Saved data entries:
^^^^^^^^^^^^^^^^

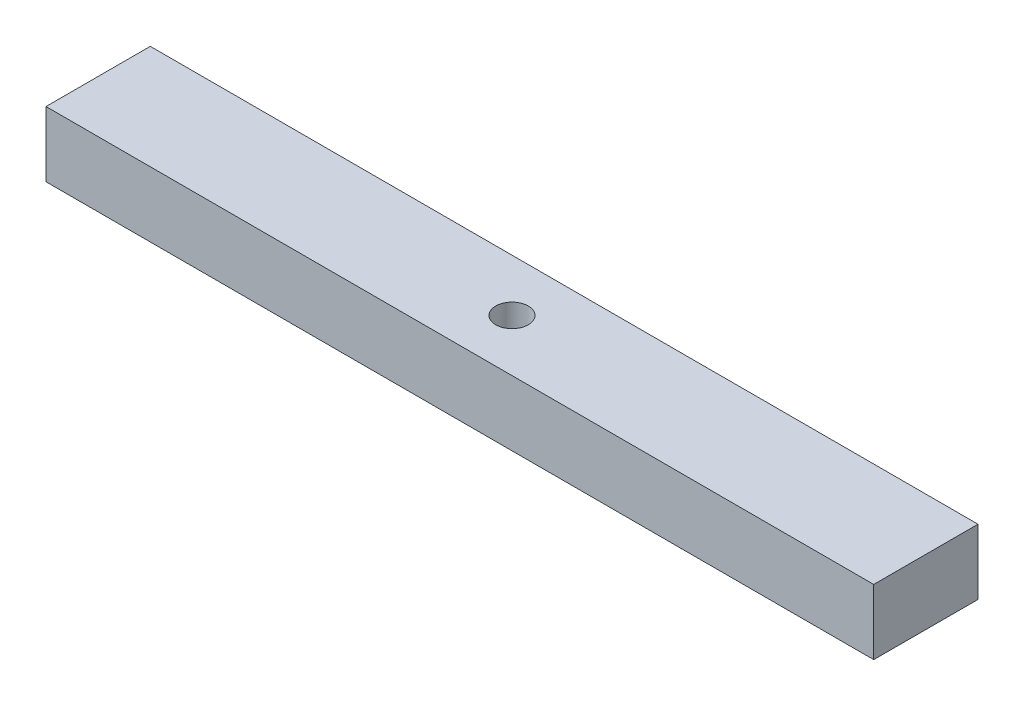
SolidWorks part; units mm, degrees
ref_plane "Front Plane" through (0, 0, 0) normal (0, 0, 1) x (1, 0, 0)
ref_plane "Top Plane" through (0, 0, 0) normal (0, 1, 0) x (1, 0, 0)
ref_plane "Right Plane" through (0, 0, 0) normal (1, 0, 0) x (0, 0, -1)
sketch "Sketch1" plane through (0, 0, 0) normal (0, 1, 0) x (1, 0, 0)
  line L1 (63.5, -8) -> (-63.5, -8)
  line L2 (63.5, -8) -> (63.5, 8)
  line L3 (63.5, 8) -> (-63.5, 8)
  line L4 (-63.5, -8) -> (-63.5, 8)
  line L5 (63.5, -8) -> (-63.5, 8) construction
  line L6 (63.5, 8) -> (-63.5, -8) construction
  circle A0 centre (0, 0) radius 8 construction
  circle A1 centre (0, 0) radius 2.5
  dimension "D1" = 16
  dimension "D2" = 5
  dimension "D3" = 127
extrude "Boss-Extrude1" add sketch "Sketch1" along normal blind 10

^^^^^^^^^^^^^^^^

THE PROBLEM: Write out exactly the lines from the line holding "line L1 (63.5, -8) -> (-63.5, -8)" through the last line of the data, and nothing besides those lines.

OUTPUT FOR THIS EXERCISE:
  line L1 (63.5, -8) -> (-63.5, -8)
  line L2 (63.5, -8) -> (63.5, 8)
  line L3 (63.5, 8) -> (-63.5, 8)
  line L4 (-63.5, -8) -> (-63.5, 8)
  line L5 (63.5, -8) -> (-63.5, 8) construction
  line L6 (63.5, 8) -> (-63.5, -8) construction
  circle A0 centre (0, 0) radius 8 construction
  circle A1 centre (0, 0) radius 2.5
  dimension "D1" = 16
  dimension "D2" = 5
  dimension "D3" = 127
extrude "Boss-Extrude1" add sketch "Sketch1" along normal blind 10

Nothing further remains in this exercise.